Часы показывали без десяти девять, когда Венеция сняла кухонный фартук в голубую и белую полоску, и одновременно дверь в кухню с треском распахнулась. В проеме виднелась рука с длинным бокалом шампанского.
– Это тебе, – сказала Лидия, и в голосе ее слышалось раскаяние. – Я прощена?
Венеция засмеялась.
– Если шампанское хорошее, я прощу тебе все, что угодно.
– Самое лучшее у Роджера, – осторожно показалось лицо Лидии с извиняющимся выражением.
– Когда я его открыла, ему стукнуло шестьдесят девять. – Быстрый взгляд ее зеленых глаз мигом охватил столы. – Все смотрится так, что для тебя любая награда мала. Ох, Венни, дорогая, это же настоящий пир. Ты такая мастерица! Курс поварского искусства не прошел для тебя даром.
– Интересно, Лидия, – сказала Венеция, смакуя шампанское, – а что ты хотела предложить гостям сегодня вечером?
Лидия, смущаясь, достала из сумки сверток и вынула оттуда огромный кусок говядины на реберной косточке.
– Я думала, это сойдет… Американцы ведь любят говядину, правда? Я как-то не подумала об этом проклятом времени, что уйдет на готовку! И, если уж говорить о времени, надо спешить и принарядиться. Оставь это все, Венеция. Иди и расслабься в ванной, наведи красоту. Роджер сам займется винами, а Кэт накроет стол и поставит цветы. Цветы! Ох, Венни, что бы я без тебя делала? Огромное спасибо.
Лидия порывисто обняла ее, и Венеция доверчиво прильнула головой к ее щеке. Это было то подлинное, чем она так дорожила.

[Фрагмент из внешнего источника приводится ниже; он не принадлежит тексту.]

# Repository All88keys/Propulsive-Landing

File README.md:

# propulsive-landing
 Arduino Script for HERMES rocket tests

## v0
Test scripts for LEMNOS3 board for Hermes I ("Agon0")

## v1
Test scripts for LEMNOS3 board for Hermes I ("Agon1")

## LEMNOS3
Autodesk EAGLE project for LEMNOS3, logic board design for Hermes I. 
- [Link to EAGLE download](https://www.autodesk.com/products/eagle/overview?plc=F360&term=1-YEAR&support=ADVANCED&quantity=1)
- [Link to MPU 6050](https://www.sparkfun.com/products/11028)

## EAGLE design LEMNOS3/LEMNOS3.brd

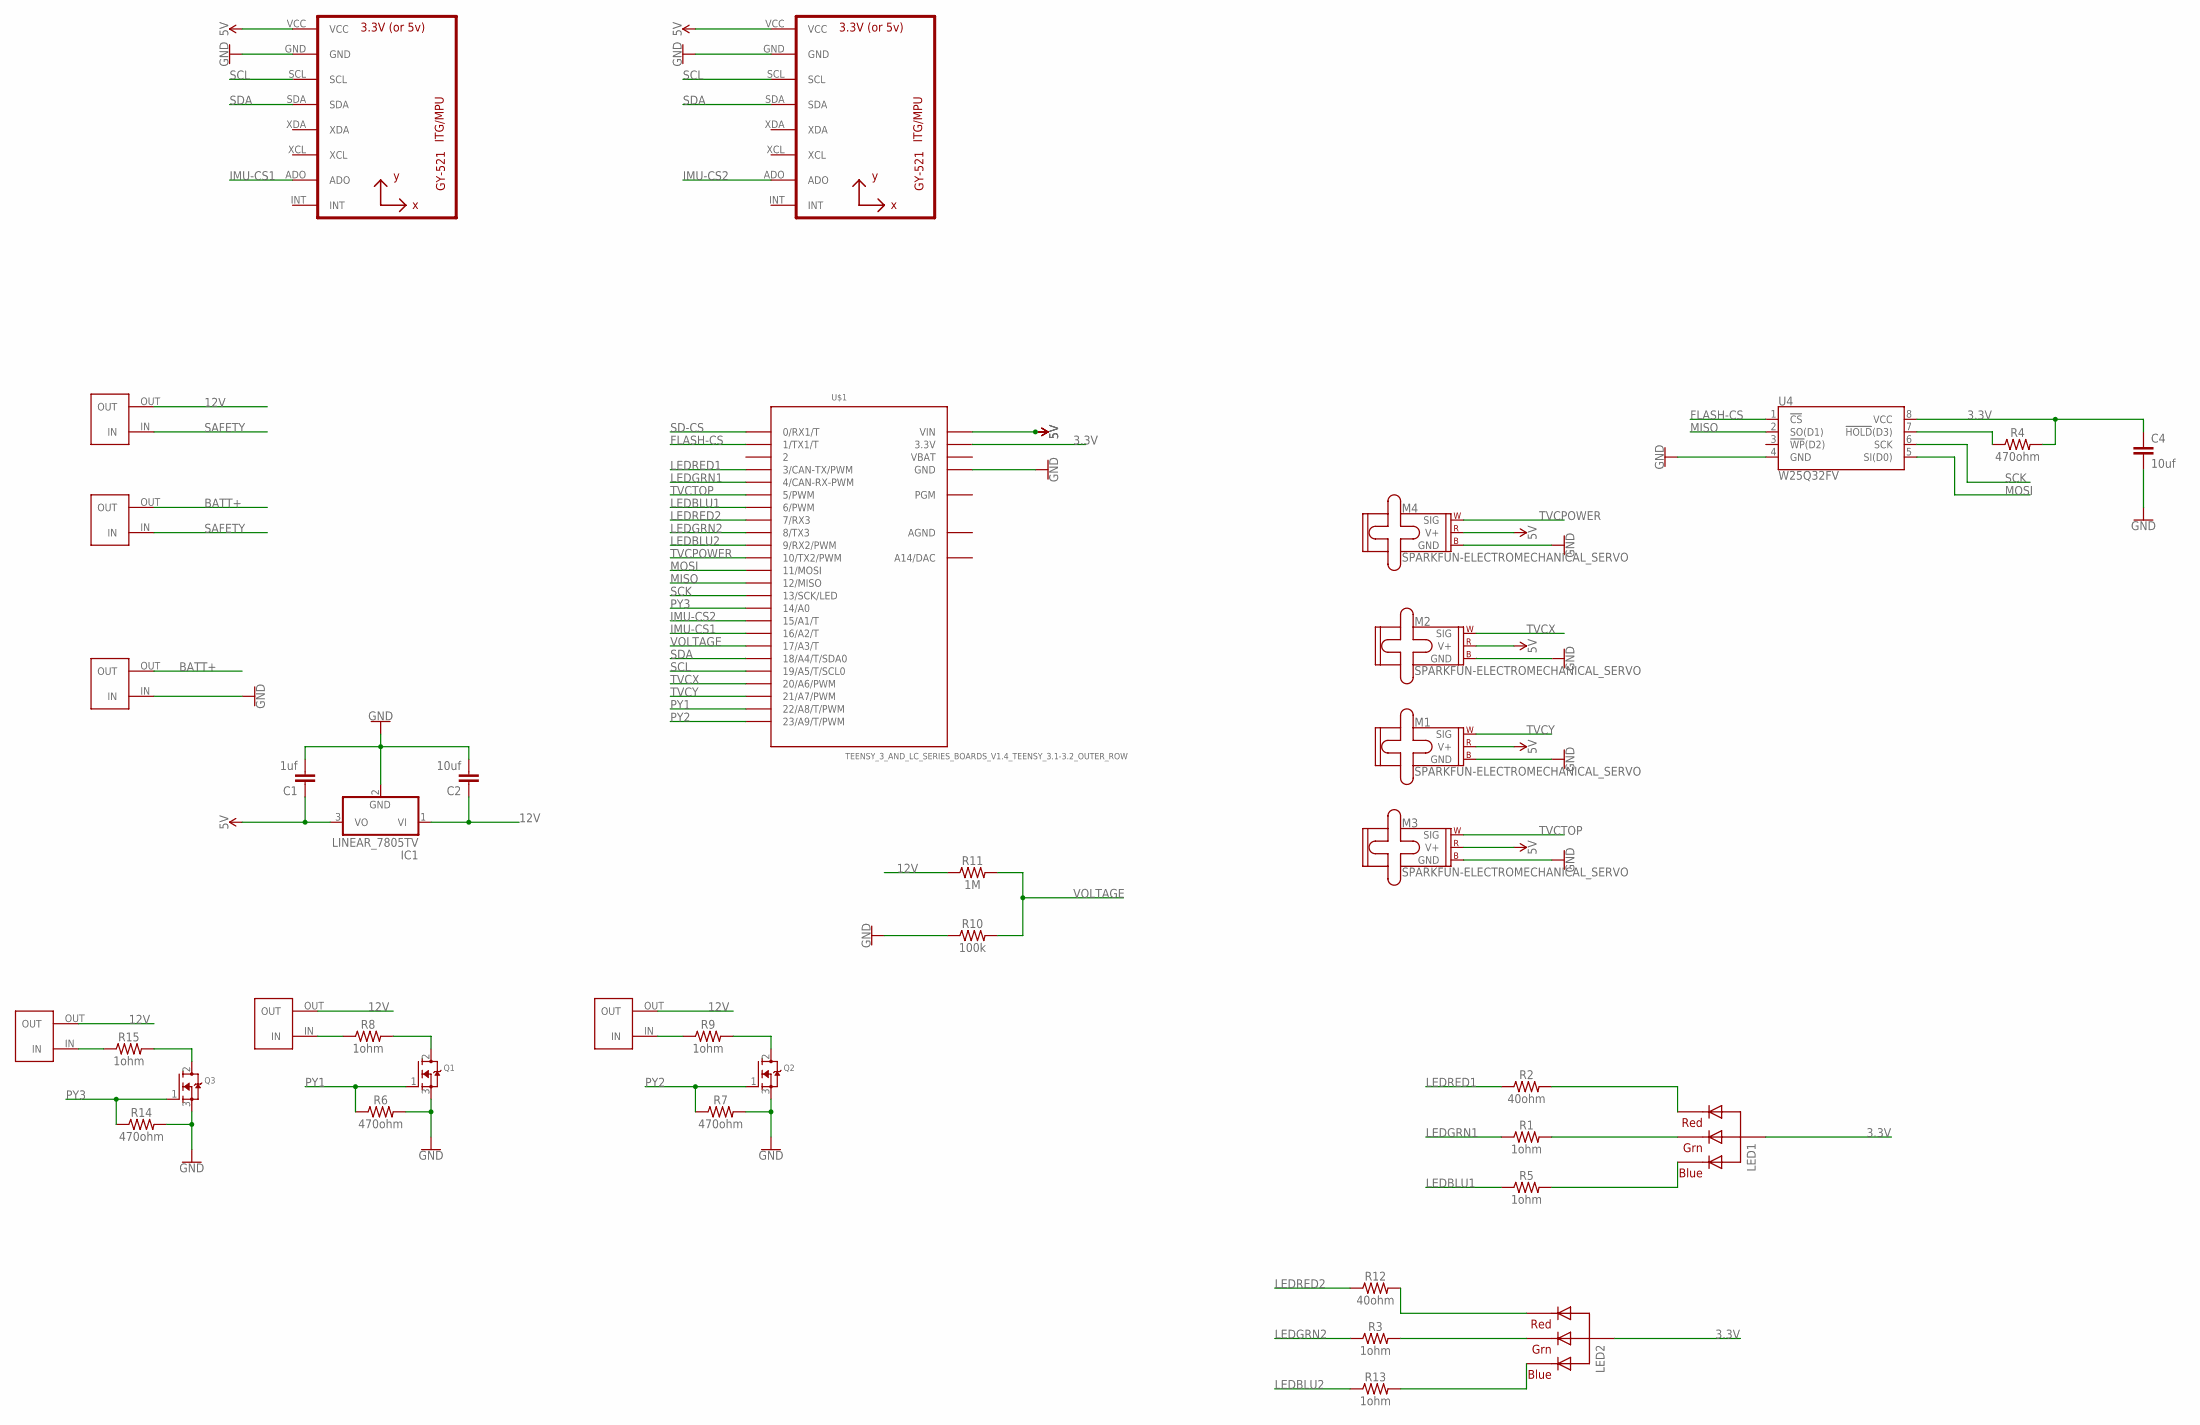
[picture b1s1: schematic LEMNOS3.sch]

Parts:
C1: 1uf; SPARKFUN-CAPACITORS_CAP-PTH-2.54
C2, C4: 10uf; SPARKFUN-CAPACITORS_CAP-PTH-2.54
IC1: LINEAR_7805TV; LINEAR_TO220V
LED1, LED2: RGBLED_CA-5MM; LED5MMRGB
M1, M2, M3, M4: SPARKFUN-ELECTROMECHANICAL_SERVO; SPARKFUN-ELECTROMECHANICAL_1X03
Q1, Q2, Q3: ADAFRUIT_MOSFET-NGDS_TO220V; ADAFRUIT_TO220V
R1, R3, R5, R8, R9, R13, R15: 1ohm; SPARKFUN-RESISTORS_AXIAL-0.3
R2, R12: 40ohm; SPARKFUN-RESISTORS_AXIAL-0.3
R4, R6, R7, R14: 470ohm; SPARKFUN-RESISTORS_AXIAL-0.3
R10: 100k; SPARKFUN-RESISTORS_AXIAL-0.3
R11: 1M; SPARKFUN-RESISTORS_AXIAL-0.3
U1, U2: GY-521_GY-521MPU6050; GY-521_GY-521
U4: W25Q32FV; SPARKFUN-IC-MEMORY_SOIC-8
U$1: TEENSY_3_AND_LC_SERIES_BOARDS_V1.4_TEENSY_3.1-3.2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; TEENSY_3_AND_LC_SERIES_BOARDS_V1.4_TEENSY_3.0-3.2&LC_OUTER_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
U$2, U$3, U$4, U$5, U$6, U$8: BLACKTERMBLOCK_BLACKTERMBLOCK

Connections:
3.3V: C4.1, LED1.2 (VCC), LED2.2 (VCC), R4.P$2 (2), U4.8 (VCC), U$1.3.3V, U$1.3.3V1 (3.3V)
5V: C1.1, IC1.3 (VO), M1.2 (V+), M2.2 (V+), M3.2 (V+), M4.2 (V+), U1.VCC, U2.VCC, U$1.VIN
12V: C2.1, IC1.1 (VI), R11.P$1 (1), U$2.OUT, U$5.OUT, U$6.OUT, U$8.OUT
AGND: U$1.AGND
BATT+: U$3.OUT, U$4.OUT
FLASH-CS: U4.1 (!CS!), U$1.1 (1/TX1/T)
GND: C1.2, C2.2, C4.2, IC1.2 (GND), M1.3 (GND), M2.3 (GND), M3.3 (GND), M4.3 (GND), Q1.3 (S), Q2.3 (S), Q3.3 (S), R6.P$2 (2), R7.P$2 (2), R10.P$1 (1), R14.P$2 (2), U1.GND, U2.GND, U4.4 (GND), U$1.GND, U$1.GND1 (GND), U$3.IN
IMU-CS1: U1.ADO, U$1.16/A2 (16/A2/T)
IMU-CS2: U2.ADO, U$1.15/A1 (15/A1/T)
LEDBLU1: R5.P$1 (1), U$1.6 (6/PWM)
LEDBLU2: R13.P$1 (1), U$1.9 (9/RX2/PWM)
LEDGRN1: R1.P$1 (1), U$1.4 (4/CAN-RX-PWM)
LEDGRN2: R3.P$1 (1), U$1.8 (8/TX3)
LEDRED1: R2.P$1 (1), U$1.3 (3/CAN-TX/PWM)
LEDRED2: R12.P$1 (1), U$1.7 (7/RX3)
MISO: U4.2 (SO(D1)), U$1.12 (12/MISO)
MOSI: U4.5 (SI(D0)), U$1.11 (11/MOSI)
unnamed: R15.P$1 (1), U$2.IN
unnamed: LED1.1 (RED), R2.P$2 (2)
unnamed: R4.P$1 (1), U4.7 (!HOLD!(D3))
unnamed: LED1.3 (GREEN), R1.P$2 (2)
unnamed: LED1.4 (BLUE), R5.P$2 (2)
unnamed: R8.P$1 (1), U$5.IN
unnamed: Q1.2 (D), R8.P$2 (2)
unnamed: LED2.1 (RED), R12.P$2 (2)
unnamed: R9.P$1 (1), U$6.IN
unnamed: Q2.2 (D), R9.P$2 (2)
unnamed: LED2.3 (GREEN), R3.P$2 (2)
unnamed: LED2.4 (BLUE), R13.P$2 (2)
unnamed: Q3.2 (D), R15.P$2 (2)
PY1: Q1.1 (G), R6.P$1 (1), U$1.22/A8 (22/A8/T/PWM)
PY2: Q2.1 (G), R7.P$1 (1), U$1.23/A9 (23/A9/T/PWM)
PY3: Q3.1 (G), R14.P$1 (1), U$1.14/A0
SAFETY: U$4.IN, U$8.IN
SCK: U4.6 (SCK), U$1.13 (13/SCK/LED)
SCL: U1.SCL, U2.SCL, U$1.19/A5 (19/A5/T/SCL0)
SD-CS: U$1.0 (0/RX1/T)
SDA: U1.SDA, U2.SDA, U$1.18/A4 (18/A4/T/SDA0)
TVCPOWER: M4.1 (SIG), U$1.10 (10/TX2/PWM)
TVCTOP: M3.1 (SIG), U$1.5 (5/PWM)
TVCX: M2.1 (SIG), U$1.20/A6 (20/A6/PWM)
TVCY: M1.1 (SIG), U$1.21/A7 (21/A7/PWM)
VBAT: U$1.VBAT
VOLTAGE: R10.P$2 (2), R11.P$2 (2), U$1.17/A3 (17/A3/T)

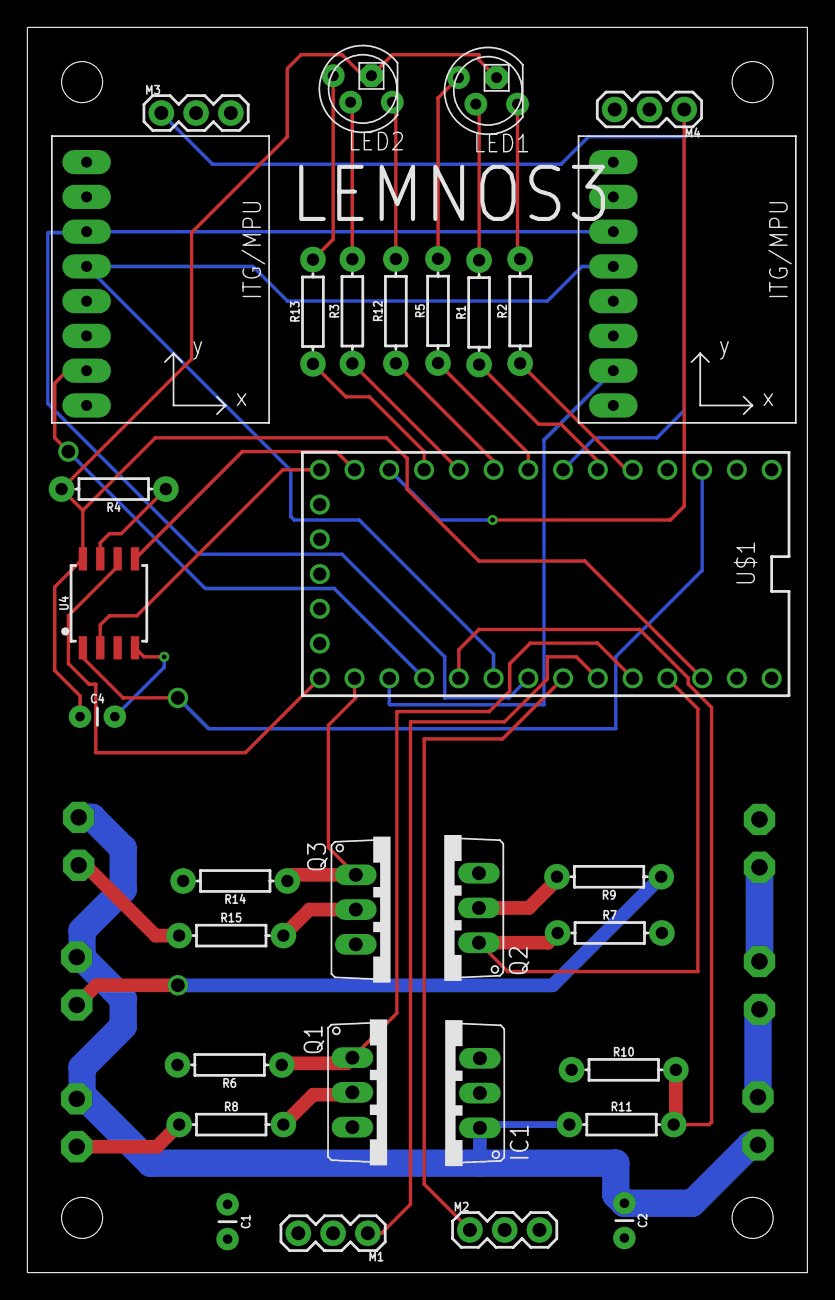
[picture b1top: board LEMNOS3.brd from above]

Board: 2 copper layers, 57.0 x 91.0 mm, 38 parts (0 on the bottom side), 41 nets.

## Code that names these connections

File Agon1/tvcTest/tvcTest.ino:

#include <Servo.h>

//TVC
int TVC_TOP_PIN = 5;
int TVC_X_PIN = 20;
int TVC_Y_PIN = 21;
Servo tvcTop;
Servo tvcX;
Servo tvcY;
int tvcXoffset=85;
int tvcYoffset=83;
//float beta=.9094;
float beta=.6;
int gear=9;
float damper=1.5;
int tvcDelay=10;

long uLast [2]={0, 0};



void setup() {
  // put your setup code here, to run once:
  tvcX.attach(TVC_X_PIN);
  tvcY.attach(TVC_Y_PIN);
  tvcTop.attach(TVC_TOP_PIN);
}

void loop() {
  // put your main code here, to run repeatedly:
    tvc(0, 0, beta, tvcDelay*100);
    /*
    tvc(30, 0, beta, tvcDelay*100);
    tvc(-30, 0, beta, tvcDelay*100);
    tvc(0, 0, beta, tvcDelay*100);
    tvc(0, 30, beta, tvcDelay*100);
    tvc(0, -30, beta, tvcDelay*100);
    tvc(0, 0, beta, tvcDelay*100);
    */
    delay(2000);
}

void tvc(int x, int y, double gamma, int d){
  double u=(x)*cos(gamma)+(y)*sin(gamma);
  double v=(y)*cos(gamma)-(x)*sin(gamma);
  /*
  if (u-uLast[0]>2){
    u=uLast[0]+2;
  }
  else if (u-uLast[0]<-2){
    u=uLast[0]-2;
  }

  if (v-uLast[1]>2){
    v=uLast[1]+2;
  }
  else if (v-uLast[1]<-2){
    v=uLast[1]-2;
  }
  uLast[0]=u; uLast[1]=v;
  */
  tvcY.write(v+tvcYoffset);tvcX.write(u+tvcXoffset); delay(d);
  
}

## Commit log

2020-11-03 Create readme, documentation

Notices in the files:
parts and their libraries:
SparkFun-PowerSymbols: Licensing: Creative Commons ShareAlike 4.0 International - https://creativecommons.org/licenses/by-sa/4.0

Зайдя в ванную комнату, Кэт добавила в воду гардениевое масло, и вот теперь Венеция, потягивая ледяное шампанское, лежала в теплой ароматной воде. Казалось, она никогда не знала никакого другого душевного пристанища с тех самых пор, когда была еще совсем маленькой. Не знала, пока не встретила Кэт. Одинокое дитя, поступив в Хаскет в свои двенадцать лет, Венеция была не новичком в английских закрытых пансионах. В нежном семилетнем возрасте Дженни впервые поместила ее в допотопную, но престижную школу Бёрч-Хау в центре графства Беркшир. До сего дня Венеция помнит, как в первый раз увидела там общую спальню с железными кроватями, накрытыми розовыми покрывалами из линялого хлопка, на каждом из которых резвились нарисованные медвежата и разные другие зверушки; одно из покрывал было очень старым, разграфленным в клеточку, и ткань его казалась истончившейся от постоянных прикосновений нежных маленьких пальчиков. Девушка вспомнила тянущее ощущение в животе, когда глаза ее, скользнув по отлично натертому, но выщербленному полу, остановились на маленькой, с двумя отделениями, тумбочке, одной из тех, что стояли у каждой детской кроватки, и ожидавшей теперь того, чтобы поступить в полное ее распоряжение. На каждой из расставленных с военной методичностью тумбочек лежали щетка для волос и гребень, а также стояло по оправленной в рамочку фотографии с улыбающейся семейной группой.
Венеция в отчаянии вцепилась в руку Дженни. После трех полных свободы и наслаждения лет, проведенных в школе Монтессори в Малибу, это место казалось тюрьмой.
– Смелее, смелее, дорогая, – твердо сказала Дженни. – Помни, что здесь ты потому, что твой отец – британец, и ты должна научиться вести себя, как настоящая леди. Я не хочу, чтобы кто-либо из моих детей кончил так, как кончает лос-анджелесское киношное отродье. Во всяком случае, будет занятно, вот увидишь.
Семилетней девочке предоставили в полное владение пустую кровать, и Венеция заинтересовалась судьбой той счастливицы, что покинула эту спальню, называвшуюся «Нежность».
– Каждая из наших спален носит имя тех качеств, которые школа надеется привить нам, – с важностью объявила юная проводница, подмигнув Венеции. – Нежность, Спокойствие, Симпатия, Доброта и Скромность.
– А что с ней случилось? – спросила Венеция тоненьким голоском, указывая на освободившуюся кровать, теперь принадлежавшую ей.
– Ох, эта Кандия. Она была обманщица. Приехала ее тетя и забрала домой. А ее семья живет в Гонконге. Думаю, мать захочет оставить там Кандию до тех пор, пока та не подрастет, чтобы поступить в школу для больших. Все наши семьи живут за границей.
Высокие, истинно британские интонации девочки, ее протяжные гласные звучали для Венеции подобно неведомой музыке.
– Ну, вот видишь, – воскликнула Дженни с триумфом в голосе, – я же тебе говорила, что ты здесь не единственная малышка без семьи.